Once the covariance kernel is set and hyperparameters are optimized, the posterior mean \(m(x)\) and variance \(s^2(x)\) of the Gaussian Process model are fixed:

\[m(x^*) = \underline{K}(x^*,\underline{x})\mathbf{K}^{-1}\underline{y}\]

\[s^2(x^*) = K(x^*,x^*;\theta) - \underline{K}(x^*,\underline{x})\mathbf{K}^{-1}\mathbf{K}^T\]

where \(x^*\) is an arbitrary coordinate of interest, \(\underline{K}(x^*,\underline{x})\) is a vector obtained by evaluating the \(K(x^*,x';\theta)\) with \(x'\) taking on each value present in the data set, \(\mathbf{K}\) is a matrix obtained by evaluating \(K(x,x';\theta)\) with both \(x\) and \(x'\) taking on each value present in the data set, and \(\underline{y}\) is a vector consisting of each value of \(y\) present in the data set.

A trained Gaussian Process model predicts a smooth interpolant with uncertainty bounds, which looks qualitatively like the example presented below.

It is typical for GPR to be explained abstractly as specifying a prior distribution of functions that could represent a data set, and applying the data set to obtained the posterior distribution of functions drawn from that prior that are most likely to fit the data. For instance, the prior and posterior for a Radial Basis Function kernel (the first term in our kernel) with an example data set are presented below (taken from sklearn).

Maximum A Posteriori Estimation

Consider the problem of shifting a single data point \((x_i,y_i)\) by a horizontal scale factor \(a\) and a vertical shift factor \(b\). Say that this data point belongs to a data set at state \(j\), and we’d like to choose \(a\) and \(b\) so that this data point overlaps with a GP model from state \(k\). We begin by assuming that this shifted data point is an observation from the GP:

\[b y_i \sim N(m_k(a x_i), s^2_k(a x_i))\]

The negative log-likelihood (NLL) of this observation is:

\[-\ln p(x_i, y_i | a, b) = \frac{1}{2}\left(\frac{b y_i - m_k(a x_i)}{s_k(a x_i)}\right)^2 + \ln s_k(a x_i) + \ln \sqrt{2\pi}\]

Now, consider generalizing this task to an entire data set \(\mathcal{D}_j = \{(x_i, y_i)\}\). The NLL for this entire set is the sum of the NLLs of the individual data points:

\[-\ln p(\mathcal{D}_j | a, b) = \sum_{(x_i, y_i) \in \mathcal{D}_j} - \ln p(x_i, y_i | a, b)\]

Finally, to obtain the posterior probability of certain shift factors given the data, we apply Bayes’ theorem:

\[p(a, b | \mathcal{D}_j) \propto p(\mathcal{D}_j | a, b) p(a, b)\]

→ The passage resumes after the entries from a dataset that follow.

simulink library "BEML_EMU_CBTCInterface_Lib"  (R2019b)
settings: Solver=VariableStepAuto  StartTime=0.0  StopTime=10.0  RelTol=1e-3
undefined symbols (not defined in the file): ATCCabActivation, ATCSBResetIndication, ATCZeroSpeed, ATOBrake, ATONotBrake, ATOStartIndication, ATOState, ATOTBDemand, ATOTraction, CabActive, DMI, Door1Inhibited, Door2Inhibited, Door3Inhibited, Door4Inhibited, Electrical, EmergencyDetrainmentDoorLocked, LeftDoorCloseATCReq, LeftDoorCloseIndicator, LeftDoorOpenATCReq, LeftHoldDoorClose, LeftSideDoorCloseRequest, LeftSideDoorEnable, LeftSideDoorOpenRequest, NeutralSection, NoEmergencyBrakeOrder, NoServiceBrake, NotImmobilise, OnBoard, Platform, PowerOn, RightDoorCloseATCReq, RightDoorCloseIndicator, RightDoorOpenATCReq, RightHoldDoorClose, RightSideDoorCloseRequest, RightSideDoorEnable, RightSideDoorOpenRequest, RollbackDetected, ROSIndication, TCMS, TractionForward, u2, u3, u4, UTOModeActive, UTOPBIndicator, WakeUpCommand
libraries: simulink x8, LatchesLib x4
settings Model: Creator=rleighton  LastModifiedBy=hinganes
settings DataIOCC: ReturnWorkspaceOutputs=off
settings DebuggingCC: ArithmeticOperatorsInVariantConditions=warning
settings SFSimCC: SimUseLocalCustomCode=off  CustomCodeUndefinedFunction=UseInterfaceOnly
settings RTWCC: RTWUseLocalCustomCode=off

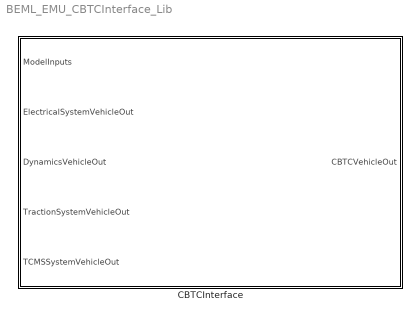
== system BEML_EMU_CBTCInterface_Lib ==
  CBTCInterface : Subsystem  SystemSampleTime=0.001

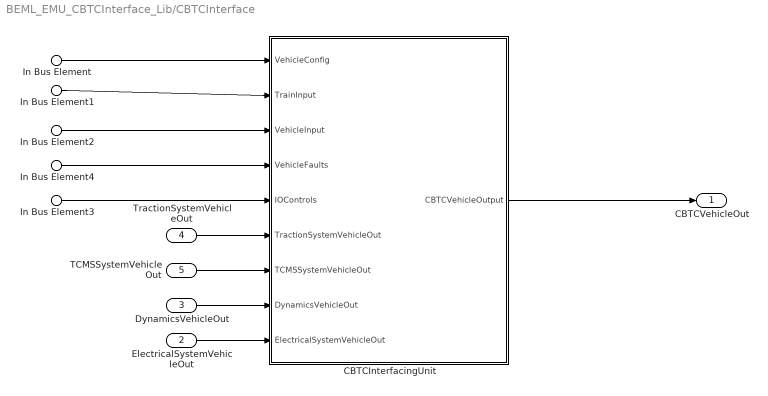
== system BEML_EMU_CBTCInterface_Lib/CBTCInterface ==
  In Bus Element : Inport  PortName=ModelInputs  Element=ProcessedVehicleConfig
  In Bus Element1 : Inport  PortName=ModelInputs  Element=ProcessedTrainInput
  In Bus Element2 : Inport  PortName=ModelInputs  Element=ProcessedVehicleInput
  In Bus Element4 : Inport  PortName=ModelInputs  Element=VehicleModelFaults
  In Bus Element3 : Inport  PortName=ModelInputs  Element=InputControlStates
  ElectricalSystemVehicleOut : Inport  Port=2
  DynamicsVehicleOut : Inport  Port=3
  TractionSystemVehicleOut : Inport  Port=4
  TCMSSystemVehicleOut : Inport  Port=5
  CBTCInterfacingUnit : Subsystem  TreatAsAtomicUnit=on  SystemSampleTime=0.01
  CBTCVehicleOut : Outport  VectorParamsAs1DForOutWhenUnconnected=off
  wires:
  In Bus Element3/1 -> CBTCInterfacingUnit/5(IOControls)
  CBTCInterfacingUnit/1(CBTCVehicleOutput) -> CBTCVehicleOut/1
  TractionSystemVehicleOut/1 -> CBTCInterfacingUnit/6(TractionSystemVehicleOut)
  TCMSSystemVehicleOut/1 -> CBTCInterfacingUnit/7(TCMSSystemVehicleOut)
  In Bus Element/1 -> CBTCInterfacingUnit/1(VehicleConfig)
  In Bus Element4/1 -> CBTCInterfacingUnit/4(VehicleFaults)
  In Bus Element2/1 -> CBTCInterfacingUnit/3(VehicleInput)
  In Bus Element1/1 -> CBTCInterfacingUnit/2(TrainInput)
  DynamicsVehicleOut/1 -> CBTCInterfacingUnit/8(DynamicsVehicleOut)
  ElectricalSystemVehicleOut/1 -> CBTCInterfacingUnit/9(ElectricalSystemVehicleOut)

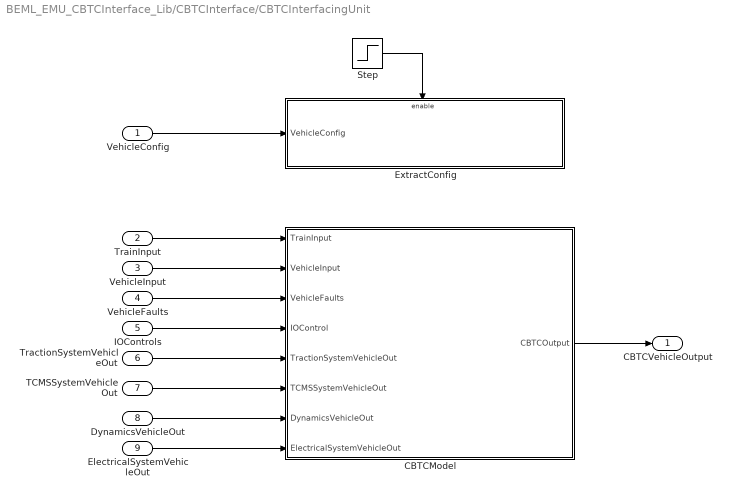
== system BEML_EMU_CBTCInterface_Lib/CBTCInterface/CBTCInterfacingUnit ==
  VehicleConfig : Inport  SampleTime=0.01
  TrainInput : Inport  Port=2  SampleTime=0.01
  VehicleInput : Inport  Port=3  SampleTime=0.01
  VehicleFaults : Inport  Port=4  SampleTime=0.01
  IOControls : Inport  Port=5
  TractionSystemVehicleOut : Inport  Port=6  SampleTime=0.01
  TCMSSystemVehicleOut : Inport  Port=7  SampleTime=0.01
  DynamicsVehicleOut : Inport  Port=8  SampleTime=0.01
  ElectricalSystemVehicleOut : Inport  Port=9  SampleTime=0.01
  CBTCModel : Subsystem
  ExtractConfig : Subsystem
  Step : Step  Before=1  After=0
  CBTCVehicleOutput : Outport  VectorParamsAs1DForOutWhenUnconnected=off
  wires:
  IOControls/1 -> CBTCModel/4(IOControl)
  TrainInput/1 -> CBTCModel/1(TrainInput)
  VehicleInput/1 -> CBTCModel/2(VehicleInput)
  TractionSystemVehicleOut/1 -> CBTCModel/5(TractionSystemVehicleOut)
  TCMSSystemVehicleOut/1 -> CBTCModel/6(TCMSSystemVehicleOut)
  VehicleConfig/1 -> ExtractConfig/1(VehicleConfig)
  Step/1 -> ExtractConfig/Enable
  VehicleFaults/1 -> CBTCModel/3(VehicleFaults)
  CBTCModel/1(CBTCOutput) -> CBTCVehicleOutput/1
  DynamicsVehicleOut/1 -> CBTCModel/7(DynamicsVehicleOut)
  ElectricalSystemVehicleOut/1 -> CBTCModel/8(ElectricalSystemVehicleOut)

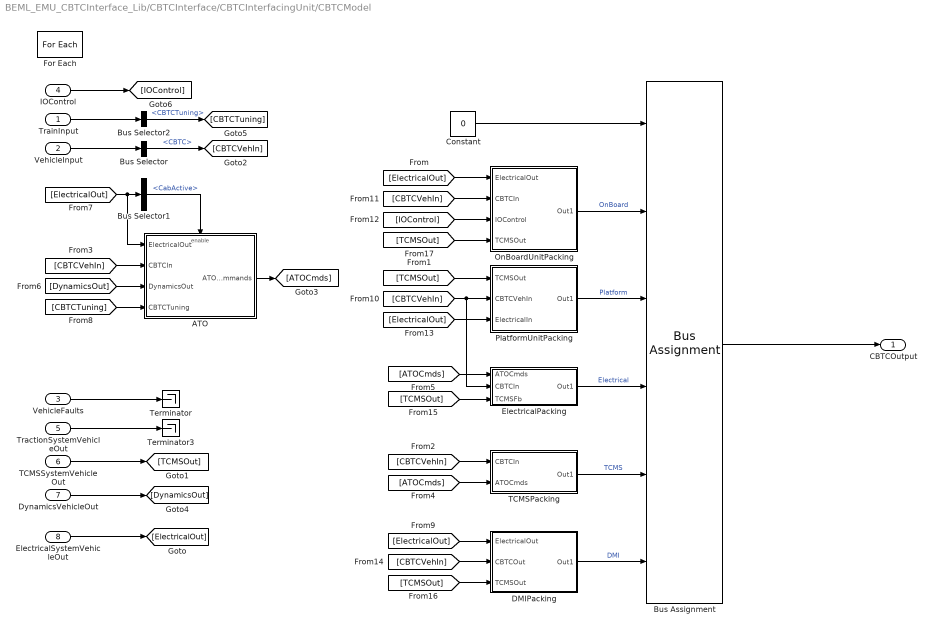
== system BEML_EMU_CBTCInterface_Lib/CBTCInterface/CBTCInterfacingUnit/CBTCModel ==
  TrainInput : Inport
  VehicleInput : Inport  Port=2  Partition=on  PartitionDimension=1  PartitionWidth=1  PartitionOffset=0
  VehicleFaults : Inport  Port=3  Partition=on  PartitionDimension=1  PartitionWidth=1  PartitionOffset=0
  IOControl : Inport  Port=4  Partition=on  PartitionDimension=1  PartitionWidth=1  PartitionOffset=0
  TractionSystemVehicleOut : Inport  Port=5  Partition=on  PartitionDimension=1  PartitionWidth=1  PartitionOffset=0
  TCMSSystemVehicleOut : Inport  Port=6  Partition=on  PartitionDimension=1  PartitionWidth=1  PartitionOffset=0
  DynamicsVehicleOut : Inport  Port=7  Partition=on  PartitionDimension=1  PartitionWidth=1  PartitionOffset=0
  ElectricalSystemVehicleOut : Inport  Port=8  Partition=on  PartitionDimension=1  PartitionWidth=1  PartitionOffset=0
  ATO : Subsystem
  Bus Assignment : BusAssignment  AssignedSignals=OnBoard,Platform,Electrical,TCMS,DMI
  Bus Selector : BusSelector  OutputSignals=CBTC
  Bus Selector1 : BusSelector  OutputSignals=TCMS.CabActive
  Bus Selector2 : BusSelector  OutputSignals=CBTCTuning
  Constant : Constant  Value=0  OutDataTypeStr=Bus: BD_CBTC_Out_Vehicle
  DMIPacking : Subsystem
  ElectricalPacking : Subsystem
  For Each : ForEach  DisableCoverage=on
  OnBoardUnitPacking : Subsystem
  PlatformUnitPacking : Subsystem
  TCMSPacking : Subsystem
  Terminator : Terminator
  Terminator3 : Terminator
  CBTCOutput : Outport  ConcatenationDimension=1  VectorParamsAs1DForOutWhenUnconnected=off
  wires:
  [TCMSOut] -> OnBoardUnitPacking/4(TCMSOut)
  [TCMSOut] -> DMIPacking/3(TCMSOut)
  [TCMSOut] -> ElectricalPacking/3(TCMSFb)
  [CBTCVehIn] -> DMIPacking/2(CBTCOut)
  [ElectricalOut] -> PlatformUnitPacking/3(ElectricalIn)
  [IOControl] -> OnBoardUnitPacking/3(IOControl)
  IOControl/1 -> [IOControl]
  [CBTCVehIn] -> OnBoardUnitPacking/2(CBTCIn)
  [CBTCVehIn] -> PlatformUnitPacking/2(CBTCVehIn), ElectricalPacking/2(CBTCIn)
  ElectricalSystemVehicleOut/1 -> [ElectricalOut]
  Bus Assignment/1 -> CBTCOutput/1
  Bus Selector/1 -> [CBTCVehIn]  "<CBTC>"
  TrainInput/1 -> Bus Selector2/1
  VehicleInput/1 -> Bus Selector/1
  VehicleFaults/1 -> Terminator/1
  TractionSystemVehicleOut/1 -> Terminator3/1
  TCMSSystemVehicleOut/1 -> [TCMSOut]
  DynamicsVehicleOut/1 -> [DynamicsOut]
  OnBoardUnitPacking/1(Out1) -> Bus Assignment/2  "OnBoard"
  [ElectricalOut] -> OnBoardUnitPacking/1(ElectricalOut)
  Constant/1 -> Bus Assignment/1
  PlatformUnitPacking/1(Out1) -> Bus Assignment/3  "Platform"
  [TCMSOut] -> PlatformUnitPacking/1(TCMSOut)
  ElectricalPacking/1(Out1) -> Bus Assignment/4  "Electrical"
  TCMSPacking/1(Out1) -> Bus Assignment/5  "TCMS"
  [CBTCVehIn] -> TCMSPacking/1(CBTCIn)
  [CBTCVehIn] -> ATO/2(CBTCIn)
  ATO/1(ATOCommands) -> [ATOCmds]
  [ATOCmds] -> TCMSPacking/2(ATOCmds)
  [ATOCmds] -> ElectricalPacking/1(ATOCmds)
  [DynamicsOut] -> ATO/3(DynamicsOut)
  [ElectricalOut] -> ATO/1(ElectricalOut), Bus Selector1/1
  Bus Selector1/1 -> ATO/Enable  "<CabActive>"
  Bus Selector2/1 -> [CBTCTuning]  "<CBTCTuning>"
  [CBTCTuning] -> ATO/4(CBTCTuning)
  DMIPacking/1(Out1) -> Bus Assignment/6  "DMI"
  [ElectricalOut] -> DMIPacking/1(ElectricalOut)

== system BEML_EMU_CBTCInterface_Lib/CBTCInterface/CBTCInterfacingUnit/ExtractConfig ==
  VehicleConfig : Inport
  Enable : EnablePort
  ExtractConfig : Subsystem
  wires:
  VehicleConfig/1 -> ExtractConfig/1(VehicleConfig)

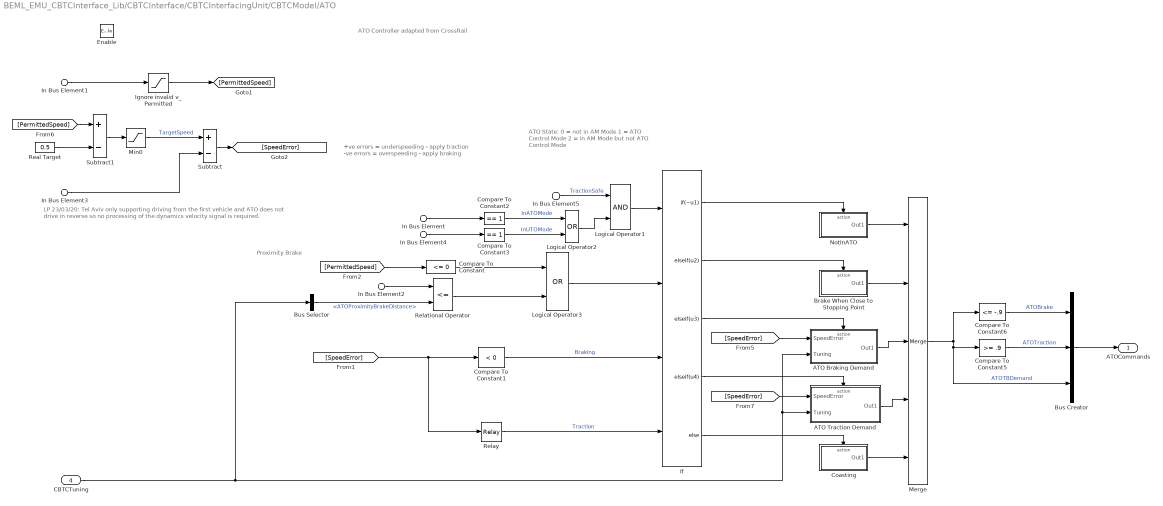
== system BEML_EMU_CBTCInterface_Lib/CBTCInterface/CBTCInterfacingUnit/CBTCModel/ATO ==
  note: ATO Controller adapted from CrossRail
  note: ATO State:
      | 0 = not in AM Mode
      | 1 = ATO Control Mode
      | 2 = in AM Mode but not ATO Control Mode
  note: +ve errors = underspeeding - apply traction
      | -ve errors = overspeeding - apply braking
  note: LP 23/03/20: Tel Aviv only supporting driving from the first vehicle and ATO does
      | not drive in reverse so no processing of the dynamics velocity signal is required.
  note: Proximity Brake
  In Bus Element5 : Inport  PortName=ElectricalOut  Element=Traction.TractionSafe
  In Bus Element : Inport  Port=2  PortName=CBTCIn  Element=OnBoard.ATOState
  In Bus Element1 : Inport  Port=2  PortName=CBTCIn  Element=OnBoard.ATOPermittedSpeed
  In Bus Element2 : Inport  Port=2  PortName=CBTCIn  Element=OnBoard.ATOPermittedDistance
  In Bus Element4 : Inport  Port=2  PortName=CBTCIn  Element=OnBoard.UTOModeActive
  In Bus Element3 : Inport  Port=3  PortName=DynamicsOut  Element=Inertia.Velocity
  CBTCTuning : Inport  Port=4
  Enable : EnablePort  StatesWhenEnabling=reset
  ATO Braking Demand : Subsystem  TreatAsAtomicUnit=on
  ATO Traction Demand : Subsystem  TreatAsAtomicUnit=on
  Brake When Close to Stopping Point : Subsystem  TreatAsAtomicUnit=on
  Bus Creator : BusCreator  Inputs=3
  Bus Selector : BusSelector  OutputSignals=ATOProximityBrakeDistance
  Coasting : Subsystem  TreatAsAtomicUnit=on
  Compare To Constant : simulink/Logic and Bit Operations/Compare To Constant  relop=<=  const=0  OutDataTypeStr=boolean
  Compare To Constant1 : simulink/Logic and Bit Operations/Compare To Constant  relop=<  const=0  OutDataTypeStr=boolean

with a suitable choice of the prior over the shift factors, \(p(a,b)\). We typically employ either a uniform prior or a Gaussian prior, though others may be implemented within this package.

The maximum a posteriori estimate for the shift factors is that which minimizes the negative logarithm of the posterior:

\[\{\hat{a}, \hat{b}\} = \underset{a, b}{\mathrm{arg}\min} [-\ln p(a, b | \mathcal{D}_j)]\]

By repeating this estimation for each consecutive pair of data sets, we may construct the master curve.